Broadcast
Dov Freedman on the thinking behind BBC3’s scheduling of Britain’s Youngest Football Boss.
When episode seven of Britain’s Youngest Football Boss lands on BBC Three next month, it will not only update the progress of West Ham United Women and the team’s 19-year-old manager Jack Sullivan. It will also provide further evidence that a linear schedule online can grow a fanbase.
The unusual distribution tactic followed in the footsteps of BBC Studios’ 14 x 15 minutes red-light district documentary Sex, Drugs & Murder in being dropped monthly onto the BBC iPlayer.
“BBC3 had been looking for a show that could repeat the linear schedule with when we pitched the idea for Britain’s Youngest Football Boss,” says executive producer and Curious Films chief Dov Freedman, whose credits include Channel 4’s The Island and The Trouble With Dad.
“It was BBC3’s suggestion for a monthly drop and since we’re a new company we jumped at the chance to innovate,” he adds.
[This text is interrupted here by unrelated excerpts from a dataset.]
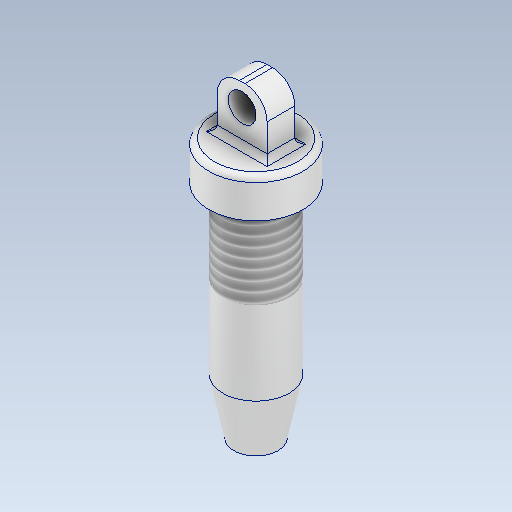
# Autodesk Inventor part: Korpus
Saved by Autodesk Inventor 2020 (Build 240168000, 168)
## iProperties
Created: 2021-03-25
Part Number: Korpus
Material: Aluminum 6061
Document SubType Name: Modeling
Designer: patry
Density: 2.7 g/cm^3
Appearance: Aluminum - Flat
Mass: 10.9517 g
Surface Area: 35.4588 cm^2
Volume: 4.05619 cm^3
Author: patry
Autodesk Inventor part; units mm, degrees
ref_plane "YZ Plane" through (0, 0, 0) normal (1, 0, 0) x (0, 1, 0)
ref_plane "XZ Plane" through (0, 0, 0) normal (0, 1, 0) x (-1, 0, 0)
ref_plane "XY Plane" through (0, 0, 0) normal (0, 0, 1) x (1, 0, 0)
sketch "Szkic1" plane through (0, 0, 0) normal (0, 1, 0) x (-1, 0, 0)
  circle A0 centre (0, 0) radius 8.5
  dimension "d0" = 17
  constraints: 1 centre point, 1 coincident
  measures "d0" diameter of A0
extrude "Wyciągnięcie proste1" add sketch "Szkic1" along normal blind 7
sketch "Szkic2" plane through (0, 7, 0) normal (0, 1, 0) x (1, 0, 0)
  line L0 (4.5, -2.5) -> (-4.5, -2.5)
  line L1 (-4.5, -2.5) -> (-4.5, 2.5)
  line L2 (-4.5, 2.5) -> (4.5, 2.5)
  line L3 (4.5, 2.5) -> (4.5, -2.5)
  line L4 (4.5, -2.5) -> (-4.5, 2.5) construction
  line L5 (-4.5, -2.5) -> (4.5, 2.5) construction
  point P0 (0, 0)
  dimension "d3" = 9
  dimension "d4" = 5
  constraints: 12 end point, 2 midpoint, 2 parallel, 1 horizontal, 1 perpendicular
  measures "d3" distance of L1.end L2.end
  measures "d4" distance of L0.end L1.end
extrude "Wyciągnięcie proste2" add sketch "Szkic2" along normal blind 10
fillet "Zaokrąglenie1" radius 4 2 edges at (4.5, 17, 0) (-4.5, 17, 0)
sketch "Szkic3" plane through (-4.5, 7, 2.5) normal (0, 0, 1) x (1, 0, 0)
  arc A0 (9, 6) -> (5, 10) centre (5, 6) ccw projected
  arc A1 (4, 10) -> (0, 6) centre (4, 6) ccw projected
  circle A2 centre (4.5, 6) radius 2.5
  point P0 (4.5, -7)
  dimension "d8" = 5
  constraints: 1 centre point, 1 coincident
  measures "d8" diameter of A2
extrude "Wyciągnięcie proste3" cut sketch "Szkic3" against normal blind 10
fillet "Zaokrąglenie2" radius 1 1 edges at (8.5, 7, 0)
fillet "Zaokrąglenie3" radius 1 4 edges at (0, 7, 2.5) (4.5, 7, 0) (0, 7, -2.5) (-4.5, 7, 0)
sketch "Szkic4" plane through (0, 0, 0) normal (0, -1, 0) x (1, 0, 0)
  circle A0 centre (0, 0) radius 6
  circle A1 centre (0, 0) radius 4.5
  dimension "d13" = 12
  dimension "d21" = 9
  constraints: 2 centre point, 2 coincident
  measures "d13" diameter of A0
  measures "d21" diameter of A1
extrude "Wyciągnięcie proste4" add sketch "Szkic4" along normal blind 30 from surface at 0
thread "Gwint1" size "M12x1.75" class "6g" standard "ANSI Metric M Profile" length 15
sketch "Szkic5" plane through (0, -30, 0) normal (0, -1, 0) x (1, 0, 0)
  circle A0 centre (0, 0) radius 2
  circle A1 centre (0, 0) radius 6
  dimension "d22" = 4
  constraints: 2 centre point, 2 coincident
  measures "d22" diameter of A0
extrude "Wyciągnięcie proste5" add sketch "Szkic5" along normal blind 10
chamfer "Faza2" distance 2 distance2 10 1 edges at (-6, -40, 0) measured on face at (4.5892, -40, -0.6382)
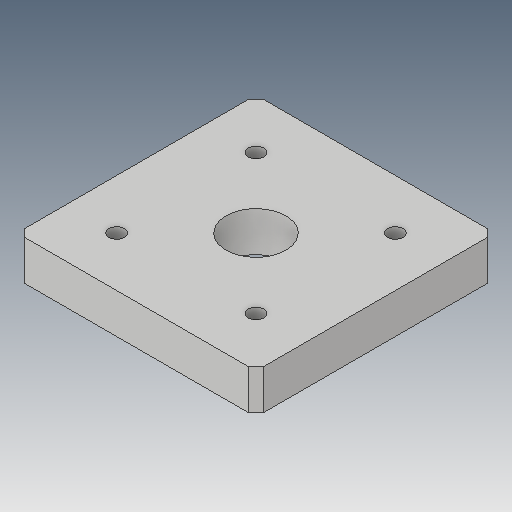
# Autodesk Inventor part: 00_XY_stage-CHUO_SEIKI_LD-647-R1-Top
Saved by Autodesk Inventor 2019 (Build 230136000, 136)
## iProperties
Created: 2019-05-02
Part Number: 00_XY_stage-CHUO_SEIKI_LD-647-R1-Top
Material: Generic
Document SubType Name: Modeling
Designer: diederichbenedict
Density: 1 g/cm^3
Appearance: Default
Author: diederichbenedict
Autodesk Inventor part; units mm, degrees
ref_plane "YZ Plane" through (0, 0, 0) normal (1, 0, 0) x (0, 1, 0)
ref_plane "XZ Plane" through (0, 0, 0) normal (0, 1, 0) x (-1, 0, 0)
ref_plane "XY Plane" through (0, 0, 0) normal (0, 0, 1) x (1, 0, 0)
sketch "Sketch1" plane through (0, 0, 0) normal (0, 1, 0) x (-1, 0, 0)
  line L0 (-30, -30) -> (30, -30)
  line L1 (30, -30) -> (30, 30)
  line L2 (30, 30) -> (-30, 30)
  line L3 (-30, 30) -> (-30, -30)
  line L4 (-30, -30) -> (30, 30) construction
  line L5 (30, -30) -> (-30, 30) construction
  circle A0 centre (0, 0) radius 7.5
  dimension "d0" = 60
  dimension "d1" = 60
  dimension "d13" = 15
  constraints: 12 end point, 2 midpoint, 2 parallel, 1 centre point, 1 coincident, 1 horizontal, 1 perpendicular
  measures "d0" distance of L2.end L1.end
  measures "d1" distance of L1.end L0.end
  measures "d13" diameter of A0
extrude "Extrusion1" add sketch "Sketch1" along normal blind 10
sketch "Sketch2" plane through (0, 10, 0) normal (0, 1, 0) x (1, 0, 0)
  line L0 (30, 30) -> (-30, 30) projected
  line L1 (-30, 30) -> (-30, -30) projected
  line L2 (-30, -30) -> (30, -30) projected
  line L3 (30, -30) -> (30, 30) projected
  line L4 (17.5, -17.5) -> (-17.5, -17.5)
  line L5 (-17.5, -17.5) -> (-17.5, 17.5)
  line L6 (-17.5, 17.5) -> (17.5, 17.5)
  line L7 (17.5, 17.5) -> (17.5, -17.5)
  line L8 (17.5, -17.5) -> (-17.5, 17.5) construction
  line L9 (-17.5, -17.5) -> (17.5, 17.5) construction
  line L10 (0, -17.5) -> (0, 17.5)
  line L11 (-17.5, 0) -> (17.5, 0)
  point P0 (0, 0)
  dimension "d4" = 35
  dimension "d5" = 35
  constraints: 16 end point, 6 midpoint, 2 parallel, 1 horizontal, 1 perpendicular
  measures "d4" distance of L5.end L6.end
  measures "d5" distance of L4.end L5.end
hole "Hole1" at (-17.5, 10, 17.5) at (-17.5, 10, -17.5) at (17.5, 10, -17.5) at (17.5, 10, 17.5) direction (0, -1, 0) diameter 3.9 depth 10 tip angle 118
chamfer "Chamfer1" distance 2 angle 45 4 edges at (30, 5, 30) (30, 5, -30) (-30, 5, -30) (-30, 5, 30)
body "Solid1"
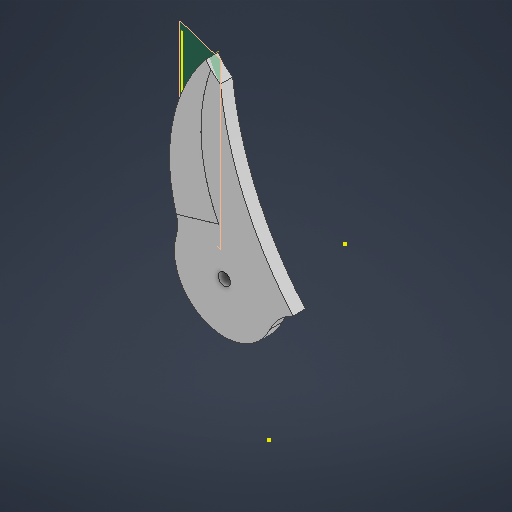
# Autodesk Inventor part: Hoja de Corte
Saved by Autodesk Inventor 2026.1 (Build 301233020, 233B)
## iProperties
Created: 2025-11-03
Part Number: Hoja de Corte
Material: Generic
Document SubType Name: Modeling
Designer: Marcelo
Density: 1 g/cm^3
Appearance: Default
Author: Marcelo
Autodesk Inventor part; units mm, degrees
ref_plane "YZ Plane" through (0, 0, 0) normal (1, 0, 0) x (0, 1, 0)
ref_plane "XZ Plane" through (0, 0, 0) normal (0, 1, 0) x (-1, 0, 0)
ref_plane "XY Plane" through (0, 0, 0) normal (0, 0, 1) x (1, 0, 0)
sketch "Sketch1" plane through (0, 0, 0) normal (0, 0, 1) x (1, 0, 0)
  arc A0 (-12.4355, 76.1693) -> (-19.7198, 39.6098) centre (18.623, 50.9756) ccw
  arc A1 (-12.4355, 76.1693) -> (-8.9, 72.6338) centre (-2.5891, 82.4801) ccw
  line L0 (-12.4355, 76.1693) -> (-8.9, 72.6338) construction
  line L1 (-12.4355, 76.1693) -> (-7.4355, 76.1693) construction
  arc A2 (-8.9, 72.6338) -> (8.9173, 32.3025) centre (65.5817, 81.4365) ccw
  arc A3 (8.9173, 32.3025) -> (3.2604, 26.6457) centre (13.5829, 21.98) ccw
  line L2 (8.9173, 32.3025) -> (3.2604, 26.6457) construction
  line L3 (8.9173, 32.3025) -> (16.9173, 32.3025) construction
  arc A4 (-19.7055, 35.1113) -> (3.2604, 26.6457) centre (-7.92, 31.6991) ccw
  arc A5 (-19.7055, 35.1113) -> (-19.7198, 39.6098) centre (-27.3899, 37.3361) ccw
  circle A6 centre (-7.92, 31.6991) radius 1.5
  line L4 (-21.3689, 76.1693) -> (8.9173, 76.1693)
  line L5 (8.9173, 76.1693) -> (8.9173, 19.4296)
  line L6 (8.9173, 19.4296) -> (-21.3689, 19.4296)
  line L7 (-21.3689, 19.4296) -> (-21.3689, 76.1693)
  line L8 (-21.3689, 39.6098) -> (3.328, 39.6098)
  line L9 (-19.7198, 39.6098) -> (3.328, 39.6098) construction
  line L10 (3.328, 39.6098) -> (3.328, 76.1693)
  line L11 (3.328, 39.6098) -> (39.8875, 39.6098) construction
  dimension "d25" = 39.9919
  dimension "d26" = 5
  dimension "d27" = 45
  dimension "d28" = 75
  dimension "d29" = 8
  dimension "d30" = 135
  dimension "d31" = 8
  dimension "d32" = 3
  dimension "d51" = 0
  dimension "d52" = 90
  constraints: 24 end point, 13 point on circle, 7 centre point, 5 horizontal, 5 point on line, 5 tangent, 3 equal length, 2 parallel, 1 coincident, 1 perpendicular
  measures "d25" radius of A0
  measures "d26" distance of L0.start L0.end
  measures "d27" angle of L0 L1
  measures "d28" radius of A2
  measures "d29" distance of L2.start L2.end
  measures "d30" angle of L2 L3
  measures "d31" radius of A5
  measures "d32" diameter of A6
  measures "d51" distance between parallel lines of L8 L9
  measures "d52" angle of L11 L10
extrude "Extrusion1" add sketch "Sketch1" along normal blind 3 contours A1 A2 L8 A0 | L8 A2 A3 A4 A5
sketch "Sketch2" plane through (0, 0, 0) normal (0, 0, -1) x (-1, 0, 0)
  arc A0 (8.9, 72.6338) -> (12.4355, 76.1693) centre (2.5891, 82.4801) ccw projected
  arc A1 (19.7198, 39.6098) -> (12.4355, 76.1693) centre (-18.623, 50.9756) ccw projected
  arc A2 (-8.9173, 32.3025) -> (8.9, 72.6338) centre (-65.5817, 81.4365) ccw projected
  arc A3 (19.7198, 39.6098) -> (19.7055, 35.1113) centre (27.3899, 37.3361) ccw projected
  line L0 (19.7198, 39.6098) -> (0.1925, 45.3982)
  arc A4 (11.2162, 74.5839) -> (12.4355, 76.1693) centre (2.5891, 82.4801) ccw
  arc A5 (9.3275, 42.6903) -> (11.2162, 74.5839) centre (-26.3268, 60.8045) ccw
  point P0 (0, 0)
  dimension "d35" = 0
  dimension "d37" = 2
  constraints: 6 point on circle, 2 centre point, 2 end point, 2 equal radius, 1 point on line
  measures "d35" distance from line of A1.centre L0
  measures "d37" distance of A0.end A4.start
extrude "Extrusion2" add sketch "Sketch2" along normal blind 0.01 and the other way blind 3.01 contours A0 A1 L0 A5
sketch "Sketch5" plane through (0, 0, 3) normal (0, 0, 1) x (1, 0, 0)
  line L0 (-9.3275, 42.6903) -> (-19.7198, 39.6098) projected
  line L1 (-9.3275, 42.6903) -> (-9.3275, 72.9213)
  arc A0 (-11.2162, 74.5839) -> (-8.9, 72.6338) centre (-2.5891, 82.4801) ccw projected
  line L2 (-9.3275, 42.6903) -> (20.9035, 42.6903) construction
  line L3 (-19.7198, 39.6098) -> (-9.3275, 39.6098)
  line L4 (-19.7198, 39.6098) -> (-9.3275, 39.6098) construction
  line L5 (-9.3275, 39.6098) -> (-9.3275, 42.6903)
  line L6 (-21.3689, 76.1693) -> (-21.3689, 42.6903)
  arc A1 (-12.4355, 76.1693) -> (-19.7198, 39.6098) centre (18.623, 50.9756) ccw projected
  line L7 (-19.7198, 39.6098) -> (-21.3689, 39.6098)
  line L8 (-21.3689, 39.6098) -> (-21.3689, 43.2681)
  line L9 (-21.3689, 76.1693) -> (-9.3275, 76.1693)
  line L10 (-9.3275, 72.9213) -> (-9.3275, 76.1693)
  point P0 (0, 0)
  point P1 (-21.3689, 50.9756)
  dimension "d47" = 90
  dimension "d48" = 0
  constraints: 20 end point, 5 point on line, 3 horizontal, 2 equal length, 2 point on circle, 2 vertical, 1 perpendicular, 1 tangent
  measures "d47" angle of L2 L1
  measures "d48" distance between parallel lines of L3 L4
sketch "Sketch6" plane through (0, 0, -0.01) normal (0, 0, -1) x (-1, 0, 0)
  line L0 (21.3689, 76.1693) -> (21.3689, 42.6903) projected
  arc A0 (19.7198, 39.6098) -> (12.4355, 76.1693) centre (-18.623, 50.9756) ccw projected
  point P0 (0, 0)
  point P1 (21.3689, 50.9756)
  constraints: 1 point on circle, 1 point on line
ref_plane "Work Plane3" through (-9.3275, 76.1693, 3) normal (0.2425094, 0, -0.9701491) x (0, -1, 0)
extrude "Extrusion3" [suppressed]
body "Solid1"
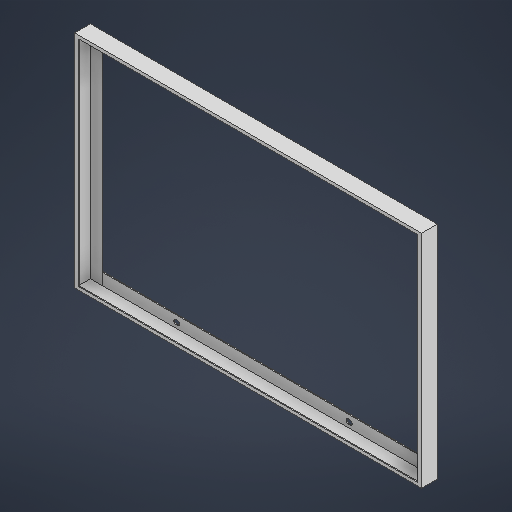
# Autodesk Inventor part: marco
Saved by Autodesk Inventor 2026.2 (Build 302298000, 298)
## iProperties
Created: 2026-01-05
Part Number: marco
Material: Genérico
Document SubType Name: Modeling
Designer: vicho
Density: 1 g/cm^3
Appearance: Valor por defecto
Author: vicho
Autodesk Inventor part; units mm, degrees
ref_plane "YZ Plane" through (0, 0, 0) normal (1, 0, 0) x (0, 1, 0)
ref_plane "XZ Plane" through (0, 0, 0) normal (0, 1, 0) x (-1, 0, 0)
ref_plane "XY Plane" through (0, 0, 0) normal (0, 0, 1) x (1, 0, 0)
sketch "Boceto1" plane through (0, 0, 0) normal (0, 1, 0) x (-1, 0, 0)
  line L0 (867.2697, 0) -> (-1087.5334, 0) construction
  line L1 (0, 1692.3308) -> (0, -1743.0334) construction
  line L2 (-275, -175) -> (275, -175)
  line L3 (275, -175) -> (275, 175)
  line L4 (275, 175) -> (-275, 175)
  line L5 (-275, 175) -> (-275, -175)
  line L6 (-275, -175) -> (275, 175) construction
  line L7 (275, -175) -> (-275, 175) construction
  point P0 (0, 0)
  dimension "d0" = 550
  dimension "d1" = 350
  constraints: 16 end point, 2 horizontal, 2 midpoint, 2 parallel, 2 point on line, 1 perpendicular, 1 vertical
  measures "d0" distance of L4.end L3.end
  measures "d1" distance of L2.end L3.end
extrude "Extrusión1" add sketch "Boceto1" along normal blind 25
sketch "Boceto2" plane through (0, 25, 0) normal (0, 1, 0) x (1, 0, 0)
  line L0 (273.5, 173.5) -> (-273.5, 173.5)
  line L1 (-273.5, 173.5) -> (-273.5, -173.5)
  line L2 (-273.5, -173.5) -> (273.5, -173.5)
  line L3 (273.5, -173.5) -> (273.5, 173.5)
  line L4 (273.5, 173.5) -> (-273.5, -173.5) construction
  line L5 (-273.5, 173.5) -> (273.5, -173.5) construction
  line L6 (-275, 175) -> (-275, -175) projected
  line L7 (-275, -175) -> (275, -175) projected
  point P0 (0, 0)
  dimension "d4" = 1.5
  dimension "d5" = 1.5
  constraints: 12 end point, 2 midpoint, 2 parallel, 1 horizontal, 1 perpendicular
  measures "d4" distance between parallel lines of L6 L1
  measures "d5" distance between parallel lines of L7 L2
extrude "Extrusión2" cut sketch "Boceto2" against normal blind 23.5
sketch "Boceto3" plane through (273.5, 25, 173.5) normal (0, 0, -1) x (-1, 0, 0)
  line L0 (0, 0) -> (547, 0) projected
  line L1 (547, 0) -> (0, 0)
  line L2 (0, 0) -> (0, -1.5)
  line L3 (0, -1.5) -> (546.8806, -1.5)
  line L4 (546.8806, -1.5) -> (547, -1.5)
  line L5 (547, -1.5) -> (547, 0)
  point P0 (273.5, -25)
  dimension "d8" = 1.5
  constraints: 10 end point, 3 perpendicular, 1 collinear, 1 point on line
  measures "d8" distance of L0.start L2.end
extrude "Extrusión3" add sketch "Boceto3" along normal blind 18.5
sketch "Boceto4" plane through (-273.5, 1.5, -173.5) normal (1, 0, 0) x (0, 0, -1)
  line L0 (-328.5, 23.5) -> (0, 23.5) projected
  line L1 (-328.5, 23.5) -> (-328.5, 22) projected
  line L2 (0, 23.5) -> (-328.5, 23.5)
  line L3 (-328.5, 23.5) -> (-328.5, 22)
  line L4 (-328.5, 22) -> (0, 22.0229)
  line L5 (0, 23.5) -> (0, 0) projected
  point P0 (-173.5, -1.5)
  dimension "d11" = 1.5
  constraints: 6 end point, 1 collinear, 1 perpendicular, 1 point on line
  measures "d11" distance of L0.start L1.end
extrude "Extrusión4" add sketch "Boceto4" along normal blind 18.5
sketch "Boceto5" plane through (-273.5, 1.5, -173.5) normal (0, 0, 1) x (1, 0, 0)
  line L0 (548.5, 23.5) -> (-1.5, 23.5) projected
  line L1 (546.9606, 23.5) -> (18.5241, 23.5)
  line L2 (18.5, 23.5) -> (18.5, 22.0229) projected
  line L3 (18.5, 22.0229) -> (547, 22.0229)
  line L4 (547, 23.5) -> (547, 0) projected
  line L5 (547, 23.5) -> (546.9606, 23.5)
  point P0 (273.5, -1.5)
  constraints: 6 end point, 3 point on line, 1 collinear, 1 parallel
extrude "Extrusión5" add sketch "Boceto5" along normal blind 18.5
sketch "Boceto6" plane through (273.5, 1.5, -173.5) normal (-1, 0, 0) x (0, 0, 1)
  line L0 (18.5, 23.5) -> (328.5, 23.5) projected
  line L1 (18.5, 23.5) -> (328.5, 23.5)
  line L2 (328.5, 23.5) -> (328.5, 22.0229)
  line L3 (18.5, 23.5) -> (18.5, 22.0229) projected
  line L4 (328.5, 22.0229) -> (18.5, 22.0229)
  line L5 (18.5, 22.0229) -> (18.5, 23.5)
  point P0 (173.5, -1.5)
  constraints: 8 end point, 3 equal length, 1 perpendicular
extrude "Extrusión6" add sketch "Boceto6" along normal blind 18.5
sketch "Boceto7" plane through (0, 0, 0) normal (0, -1, 0) x (1, 0, 0)
  line L0 (268.5, -170) -> (-268.5, -170)
  line L1 (-268.5, -170) -> (-268.5, 170)
  line L2 (-268.5, 170) -> (268.5, 170)
  line L3 (268.5, 170) -> (268.5, -170)
  line L4 (268.5, -170) -> (-268.5, 170) construction
  line L5 (-268.5, -170) -> (268.5, 170) construction
  line L6 (-275, 175) -> (275, 175) projected
  line L7 (-273.5, 173.5) -> (-273.5, -173.5) projected
  point P0 (0, 0)
  dimension "d18" = 5
  dimension "d19" = 5
  constraints: 12 end point, 2 midpoint, 2 parallel, 1 horizontal, 1 perpendicular
  measures "d18" distance between parallel lines of L6 L2
  measures "d19" distance between parallel lines of L7 L1
extrude "Extrusión7" cut sketch "Boceto7" against normal blind 10
sketch "Boceto8" plane through (0, 25, 0) normal (0, 1, 0) x (1, 0, 0)
  line L0 (-268.5, -170) -> (-268.5, 170) projected
  line L1 (-268.5, 122.5507) -> (-268.5, 115.1946)
  line L2 (-268.5, -170) -> (268.5, -170) projected
  line L3 (-149.9016, -170) -> (-169.2021, -170)
  line L4 (-138, -161.5) -> (-135, -161.5)
  line L5 (-138, -168.5) -> (-135, -168.5)
  arc A0 (-138, -161.5) -> (-138, -168.5) centre (-138, -165) ccw
  arc A1 (-135, -168.5) -> (-135, -161.5) centre (-135, -165) ccw
  line L6 (-255, -155) -> (255, -155) projected
  line L7 (-275, 175) -> (-275, -175) projected
  line L8 (-288.7354, 0) -> (111.6009, 0) construction
  line L9 (0, -308.0533) -> (0, 294.465) construction
  line L10 (138, -161.5) -> (135, -161.5)
  line L11 (138, -168.5) -> (135, -168.5)
  arc A2 (138, -168.5) -> (138, -161.5) centre (138, -165) ccw
  arc A3 (135, -161.5) -> (135, -168.5) centre (135, -165) ccw
  line L12 (288.7354, 0) -> (-111.6009, 0) construction
  line L13 (-138, 161.5) -> (-135, 161.5)
  line L14 (-138, 168.5) -> (-135, 168.5)
  arc A4 (-138, 168.5) -> (-138, 161.5) centre (-138, 165) ccw
  arc A5 (-135, 161.5) -> (-135, 168.5) centre (-135, 165) ccw
  arc A6 (135, 168.5) -> (135, 161.5) centre (135, 165) ccw
  line L15 (138, 161.5) -> (135, 161.5)
  arc A7 (138, 161.5) -> (138, 168.5) centre (138, 165) ccw
  line L16 (138, 168.5) -> (135, 168.5)
  point P0 (0, 0)
  dimension "d22" = 10
  dimension "d23" = 7
  dimension "d24" = 3
  dimension "d25" = 137
  constraints: 26 end point, 20 symmetric about line, 16 point on circle, 8 centre point, 4 horizontal, 4 point on line, 4 tangent, 2 vertical, 6 other
  measures "d22" distance from line of L6 A1.centre
  measures "d23" distance between parallel lines of L4 L5
  measures "d24" distance of A1.centre A0.centre
  measures "d25" distance from line of L7 A0.centre
extrude "Extrusión8" cut sketch "Boceto8" against normal blind 10

Filming on and off the pitch across the season, the series follows West Ham’s squad of female players as they debut in the recently-announced, Barclays-sponsored professional Women’s Super League, having leap-frogged two divisions from the part-time third tier.Kicking off before Christmas, the show was neatly timed as women’s football explodes into the mainstream in the run-up to this summer’s FIFA Women’s World Cup.
For Curious, the series marks its debut commission, with its announcement coming simultaneously with the official launch of the company back in November 2018.
Freedman, a veteran producer of two decades, launched the factual-focused company with long-time production partner Charlie Russell, who has directed shows like Chris Packham: Asperger’s and Me.
Their first challenge as an indie came from former BBC3 channel boss Damian Kavanagh and commissioning executive Michael Jochnowitz, who tasked Curious with making Britain’s Youngest Football Boss into a 10 x 25-minute series.
“The conventional model for this kind of live-access programme is to film for six months, edit for several months and go through all screenings and reviews before getting a slot for TX,” says Freedman.
“In this case, making an episode once a month was immediately challenging to production.”
Besides the logistical challenge of turning around an episode every four weeks, the producer wanted to maintain high production values.
“There could have been a rough and ready way of making the show, but we wanted to stick to our core beliefs and keep that craft of filmmaking in there,” says Freedman.
“It means really thinking about the way the story is shot and trying to tie events on the pitch with the personal stories of the players.”
Storylines run between six and eight weeks behind when each episode airs. Freedman likens the editorial approach to running a newspaper.
“We meet every Monday to discuss the latest developments in matches and personnel,” he says. “We didn’t want a show that only appealed to football fans, as it’s also about gender in the workplace. The key for us is to make the audience care about the characters as people and as players.”
Curious kept the production team small in order to build relationships with West Ham’s 18-woman squad, the coaching staff and the Sullivan family (manager Jack is the son of the West Ham chairman David Sullivan). Producer/directors Alana McVerry and Steven Prior alternate between episodes so that while one is filming the other is in the edit working with editor Jamie Williams.
“With any programme of this nature, it comes down to trust between production and the subject,” says Freedman. “We told [WHU Women] our ambition for the show was to make the audience care about them.”
He adds that the show’s main reference point was Netflix’s behind-the-scenes collegiate American football doc series Last Chance U, which he describes as “an aspirational story to the 16-34 audience”, which was “something that appealed to BBC Three”.
Freedman adds that the BBC3 execs were not fixated on how well the first episode of the show would perform on iPlayer. “They were confident the audience would grow as the series rolled out,” he says.
Indeed, the broadcaster recently began scheduling the whole run in a Saturday evening slot on BBC1 following Match of the Day. The second episode peaked at 1.4 million.
Freedman and Curious are set to link with with wildlife presenter Chris Packham again on their next project, which is on a single doc about over-population for BBC2. A third show has also been greenlit but not yet announced.
“We enjoy working with talent to produce popular factual programmes that have an authentic feel,” Freedman says. “We are producing entertainment, but we want to execute and deliver shows with strong documentary values.”